• ACTION ITEM: With both ends included, repeat exactly the lines of the entries below from the one containing "libraries: cstblocks x2, simulink" down to the one containing "settings DataIOCC: SaveFormat=Array", and no others.
________________
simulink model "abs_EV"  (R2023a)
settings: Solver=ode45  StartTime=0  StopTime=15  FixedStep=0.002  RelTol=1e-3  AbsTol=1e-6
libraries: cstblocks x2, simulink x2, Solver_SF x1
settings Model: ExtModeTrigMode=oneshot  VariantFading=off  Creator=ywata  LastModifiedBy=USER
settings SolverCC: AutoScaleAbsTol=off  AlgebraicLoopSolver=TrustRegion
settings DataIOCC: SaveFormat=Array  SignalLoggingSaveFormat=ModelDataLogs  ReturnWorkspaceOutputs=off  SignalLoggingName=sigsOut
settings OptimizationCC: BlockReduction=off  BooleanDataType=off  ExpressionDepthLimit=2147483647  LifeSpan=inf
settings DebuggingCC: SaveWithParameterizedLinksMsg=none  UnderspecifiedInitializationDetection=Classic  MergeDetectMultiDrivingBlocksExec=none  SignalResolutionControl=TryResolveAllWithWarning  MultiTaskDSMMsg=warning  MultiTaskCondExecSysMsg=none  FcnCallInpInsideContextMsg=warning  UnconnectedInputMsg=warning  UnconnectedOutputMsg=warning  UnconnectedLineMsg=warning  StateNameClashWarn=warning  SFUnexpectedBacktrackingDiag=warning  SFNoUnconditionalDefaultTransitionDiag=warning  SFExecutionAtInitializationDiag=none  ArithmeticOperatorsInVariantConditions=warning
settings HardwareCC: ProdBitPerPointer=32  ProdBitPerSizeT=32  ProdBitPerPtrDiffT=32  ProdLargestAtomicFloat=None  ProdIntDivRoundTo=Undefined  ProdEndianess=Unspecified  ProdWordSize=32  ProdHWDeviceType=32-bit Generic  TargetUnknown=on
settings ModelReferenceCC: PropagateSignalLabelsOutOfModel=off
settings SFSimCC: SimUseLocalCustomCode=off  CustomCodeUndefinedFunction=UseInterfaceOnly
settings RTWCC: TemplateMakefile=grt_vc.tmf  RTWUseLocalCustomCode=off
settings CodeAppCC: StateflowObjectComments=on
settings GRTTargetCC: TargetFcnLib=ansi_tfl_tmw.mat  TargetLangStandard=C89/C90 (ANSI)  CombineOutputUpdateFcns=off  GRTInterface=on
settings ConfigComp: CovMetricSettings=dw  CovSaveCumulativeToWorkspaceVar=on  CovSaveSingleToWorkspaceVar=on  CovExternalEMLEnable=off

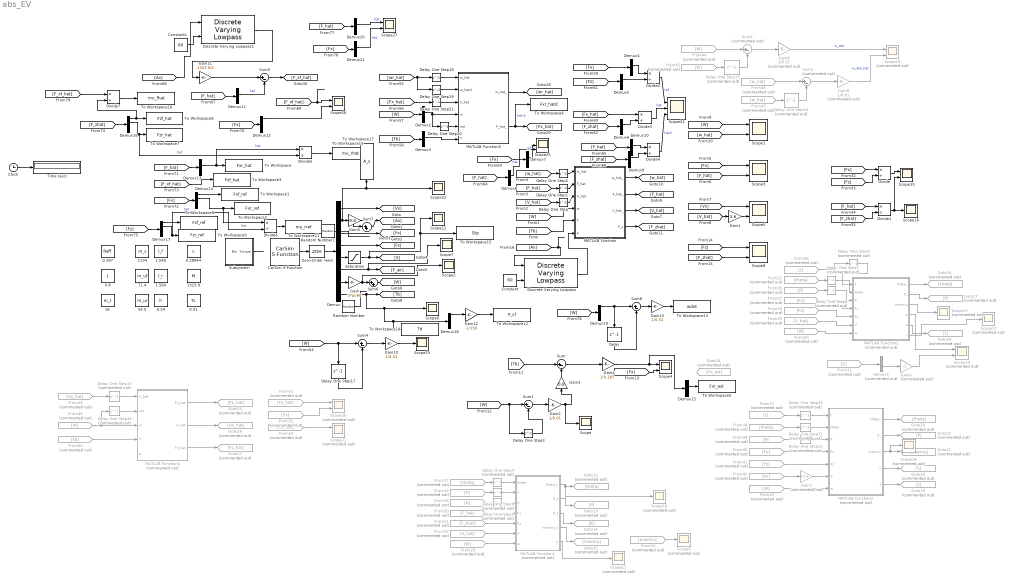
== system abs_EV ==
  0.01 : DataStoreMemory  DataStoreName=Ts  WriteAfterWriteMsg=warning  InitialValue=0.01  ShowAdditionalParam=off  OutDataTypeStr=double
  0.287 : DataStoreMemory  DataStoreName=Reff  WriteAfterWriteMsg=warning  InitialValue=0.287  ShowAdditionalParam=off  OutDataTypeStr=double
  0.28944 : DataStoreMemory  DataStoreName=c  WriteAfterWriteMsg=warning  InitialValue=0.29844  ShowAdditionalParam=off  OutDataTypeStr=double
  0.54 : DataStoreMemory  DataStoreName=h  WriteAfterWriteMsg=warning  InitialValue=0.54  ShowAdditionalParam=off  OutDataTypeStr=double
  0.8 : DataStoreMemory  DataStoreName=J  WriteAfterWriteMsg=warning  InitialValue=0.8  ShowAdditionalParam=off  OutDataTypeStr=double
  1.040 : DataStoreMemory  DataStoreName=l_f  WriteAfterWriteMsg=warning  InitialValue=1.040  ShowAdditionalParam=off  OutDataTypeStr=double
  1.560 : DataStoreMemory  DataStoreName=l_r  WriteAfterWriteMsg=warning  InitialValue=1.560  ShowAdditionalParam=off  OutDataTypeStr=double
  1134 : DataStoreMemory  DataStoreName=m_s  WriteAfterWriteMsg=warning  InitialValue=1134  ShowAdditionalParam=off  OutDataTypeStr=double
  1323.9 : DataStoreMemory  DataStoreName=M  WriteAfterWriteMsg=warning  InitialValue=1323.9  ShowAdditionalParam=off  OutDataTypeStr=double
  16 : DataStoreMemory  DataStoreName=m_t  WriteAfterWriteMsg=warning  InitialValue=16  ShowAdditionalParam=off  OutDataTypeStr=double
  54.5 : DataStoreMemory  DataStoreName=m_ur  WriteAfterWriteMsg=warning  InitialValue=54.5  ShowAdditionalParam=off  OutDataTypeStr=double
  71.4 : DataStoreMemory  DataStoreName=m_uf  WriteAfterWriteMsg=warning  InitialValue=71.4  ShowAdditionalParam=off  OutDataTypeStr=double
  CarSim S-Function : Solver_SF/CarSim S-Function  Priority=1  SIMFILE=simfile.sim  Run_RTs=off  vs_state_ind=Run  StopMode_ind=Vehicle Model
  Clock : Clock
  Constant : Constant  Value=60
  Constant1 : Constant  Value=60
  Delay : Delay  DelayLength=1  InitialCondition=67.655
  Delay One Step : Delay  DelayLength=1  InitialCondition=19.444
  Delay One Step1 : Delay  DelayLength=1  InitialCondition=[0 0 0 0]'
  Delay One Step10 : Delay  Commented=on  DelayLength=1
  Delay One Step11 : Delay  Commented=on  DelayLength=1  InitialCondition=[0 0]'
  Delay One Step12 : Delay  Commented=on  DelayLength=1  InitialCondition=[0 0;0 0]
  Delay One Step13 : Delay  Commented=on  DelayLength=1
  Delay One Step14 : Delay  Commented=on  DelayLength=1
  Delay One Step15 : Delay  Commented=on  DelayLength=1  InitialCondition=70/3.6
  Delay One Step16 : Delay  Commented=on  DelayLength=1  InitialCondition=67.75*ones(4,1)
  Delay One Step17 : Delay  DelayLength=1  InitialCondition=70/3.6/0.287
  Delay One Step18 : Delay  DelayLength=1  InitialCondition=67.655
  Delay One Step19 : Delay  InitialCondition=67.655
  Delay One Step2 : Delay  DelayLength=1  InitialCondition=[67.655 67.655 67.655 67.655]'
  Delay One Step20 : Delay  DelayLength=1  InitialCondition=67.655
  Delay One Step21 : Delay  DelayLength=1  InitialCondition=0
  Delay One Step3 : Delay  DelayLength=1  InitialCondition=[67.655 67.655 67.655 67.655]'
  Delay One Step4 : Delay  Commented=on  DelayLength=1  InitialCondition=ones(2,4)
  Delay One Step5 : Delay  Commented=on  DelayLength=1  InitialCondition=0.1*ones(2,4)
  Delay One Step6 : Delay  Commented=on  DelayLength=1  InitialCondition=0.1*ones(2,8)
  Delay One Step7 : Delay  Commented=on  DelayLength=1  InitialCondition=[300;0.1]
  Delay One Step8 : Delay  Commented=on  DelayLength=1  InitialCondition=[3 0;0 0.001]
  Delay One Step9 : Delay  Commented=on  DelayLength=1  InitialCondition=0
  Demux : Demux  Outputs=[1 1 4 4 4 1 4 4]
  Demux1 : Demux  Commented=on
  Demux{2..21} (20 alike) : Demux
  Discrete Varying Lowpass : cstblocks/Linear Parameter Varying/Discrete Varying Lowpass  N=1  w0=0  Ts=0.01
  Discrete Varying Lowpass1 : cstblocks/Linear Parameter Varying/Discrete Varying Lowpass  N=1  w0=0  Ts=0.01
  Divide{,1..7} (8 alike) : Product  Inputs=*/
  From17 : From  Commented=on  GotoTag=theta
  From18 : From  Commented=on  GotoTag=K
  From19 : From  Commented=on  GotoTag=P
  From20 : From  Commented=on  GotoTag=F_hat
  From21 : From  Commented=on  GotoTag=F_zhat
  From22 : From  Commented=on  GotoTag=V_hat
  From{23,30,43..45,49} (6 alike) : From  Commented=on  GotoTag=W
  From24 : From  Commented=on  GotoTag=maxmu
  From25 : From  Commented=on  GotoTag=theta
  From26 : From  Commented=on  GotoTag=P
  From27 : From  Commented=on  GotoTag=Fx
  From28 : From  Commented=on  GotoTag=Fz
  From29 : From  Commented=on  GotoTag=V_hat
  From31 : From  Commented=on  GotoTag=S
  From36 : From  Commented=on  GotoTag=t
  From37 : From  Commented=on  GotoTag=t
  From38 : From  Commented=on  GotoTag=theta
  From39 : From  Commented=on  GotoTag=P
  From40 : From  Commented=on  GotoTag=Fx
  From41 : From  Commented=on  GotoTag=Fz
  From42 : From  Commented=on  GotoTag=Vx
  From46 : From  Commented=on  GotoTag=w_hat
  From47 : From  Commented=on  GotoTag=w_hat
  From48 : From  Commented=on  GotoTag=Vx_hat
  From50 : From  Commented=on  GotoTag=Tb
  From51 : From  Commented=on  GotoTag=Fx_hat
  From52 : From  Commented=on  GotoTag=Fx
  From53 : From  Commented=on  GotoTag=Vx_hat
  Gain : Gain  Gain=2*pi/60
  Gain1 : Gain  Gain=3.6
  Gain10 : Gain  Gain=1/0.01
  Gain11 : Gain  Gain=1323.9/2
  Gain12 : Gain  Gain=-1/150
  Gain13 : Gain  Gain=1/0.01
  Gain2 : Gain  Gain=1/0.01
  Gain3 : Gain  Gain=0.8
  Gain4 : Gain  Gain=1/0.287
  Gain5 : Gain  Gain=9.8
  Gain6 : Gain  Commented=on  Gain=-1
  Gain7 : Gain  Commented=on  Gain=1/3.6
  Gain8 : Gain  Commented=on  Gain=1/0.01
  Gain9 : Gain  Commented=on  Gain=1/0.01
  Goto12 : Goto  Commented=on  GotoTag=theta
  Goto13 : Goto  Commented=on  GotoTag=P
  Goto14 : Goto  Commented=on  GotoTag=K
  Goto15 : Goto  Commented=on  GotoTag=maxmu
  Goto16 : Goto  Commented=on  GotoTag=theta
  Goto17 : Goto  Commented=on  GotoTag=P
  Goto18 : Goto  Commented=on  GotoTag=t
  Goto19 : Goto  Commented=on  GotoTag=t
  Goto20 : Goto  Commented=on  GotoTag=s
  Goto21 : Goto  Commented=on  GotoTag=maxmu
  Goto22 : Goto  Commented=on  GotoTag=P
  Goto23 : Goto  Commented=on  GotoTag=theta
  Goto24 : Goto  Commented=on  GotoTag=Fx_est
  Goto25 : Goto  Commented=on  GotoTag=Fx_hat
  Goto26 : Goto  Commented=on  GotoTag=Vx_hat
  Goto27 : Goto  Commented=on  GotoTag=Fz_hat
  MATLAB Function : MATLAB Function  TreatAsAtomicUnit=on
  MATLAB Function1 : MATLAB Function  Commented=on  TreatAsAtomicUnit=on
  MATLAB Function2 : MATLAB Function  Commented=on  TreatAsAtomicUnit=on
  MATLAB Function3 : MATLAB Function  Commented=on  TreatAsAtomicUnit=on
  MATLAB Function4 : MATLAB Function  Commented=on  TreatAsAtomicUnit=on
  MATLAB Function5 : MATLAB Function  TreatAsAtomicUnit=on
  Random Number : RandomNumber  Variance=0.01^2  SampleTime=0.01
  Random Number1 : RandomNumber  Variance=0.01  SampleTime=0.01
  Saturation : Saturate  UpperLimit=1  LowerLimit=-1
  Scope{,2,6..7,12,16,22..23} (8 alike) : Scope
  Scope{1,3..5,8,15,26..27} (8 alike) : Scope  NumInputPorts=2
  Scope{9..11,13,17..18} (6 alike) : Scope  Commented=on
  Scope{14,19..21} (4 alike) : Scope  Commented=on  NumInputPorts=2
  Scope24 : Scope  NumInputPorts=3
  Scope25 : Scope  NumInputPorts=3
  Subsystem : Subsystem
  Sum{,1,4..5,8} (5 alike) : Sum  Inputs=|+-
  Sum2 : Sum  Commented=on  Inputs=|+-
  Sum3 : Sum  Commented=on  Inputs=|+-
  Sum6 : Sum  Inputs=|++
  Sum7 : Sum  Inputs=|++
  Time (sec) : Display
      settings: Format=bank  Decimation=100
  To Workspace : ToWorkspace  VariableName=Fxr_hat  SaveFormat=Timeseries  SampleTime=-1
  To Workspace1 : ToWorkspace  VariableName=Fxf_ref  SaveFormat=Timeseries  SampleTime=-1
  To Workspace10 : ToWorkspace  VariableName=mu_rhat  SaveFormat=Timeseries  SampleTime=-1
  To Workspace11 : ToWorkspace  VariableName=mu_rref  SaveFormat=Timeseries  SampleTime=-1
  To Workspace12 : ToWorkspace  VariableName=P_cf  SaveFormat=Timeseries  SampleTime=-1
  To Workspace13 : ToWorkspace  VariableName=wdot  SaveFormat=Timeseries  SampleTime=-1
  To Workspace14 : ToWorkspace  VariableName=Td  SaveFormat=Timeseries  SampleTime=-1
  To Workspace15 : ToWorkspace  VariableName=Slip  SaveFormat=Timeseries  SampleTime=-1
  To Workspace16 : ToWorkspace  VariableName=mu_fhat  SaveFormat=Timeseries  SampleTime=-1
________________
• RESPONSE TO THIS EXERCISE:
libraries: cstblocks x2, simulink x2, Solver_SF x1
settings Model: ExtModeTrigMode=oneshot  VariantFading=off  Creator=ywata  LastModifiedBy=USER
settings SolverCC: AutoScaleAbsTol=off  AlgebraicLoopSolver=TrustRegion
settings DataIOCC: SaveFormat=Array  SignalLoggingSaveFormat=ModelDataLogs  ReturnWorkspaceOutputs=off  SignalLoggingName=sigsOut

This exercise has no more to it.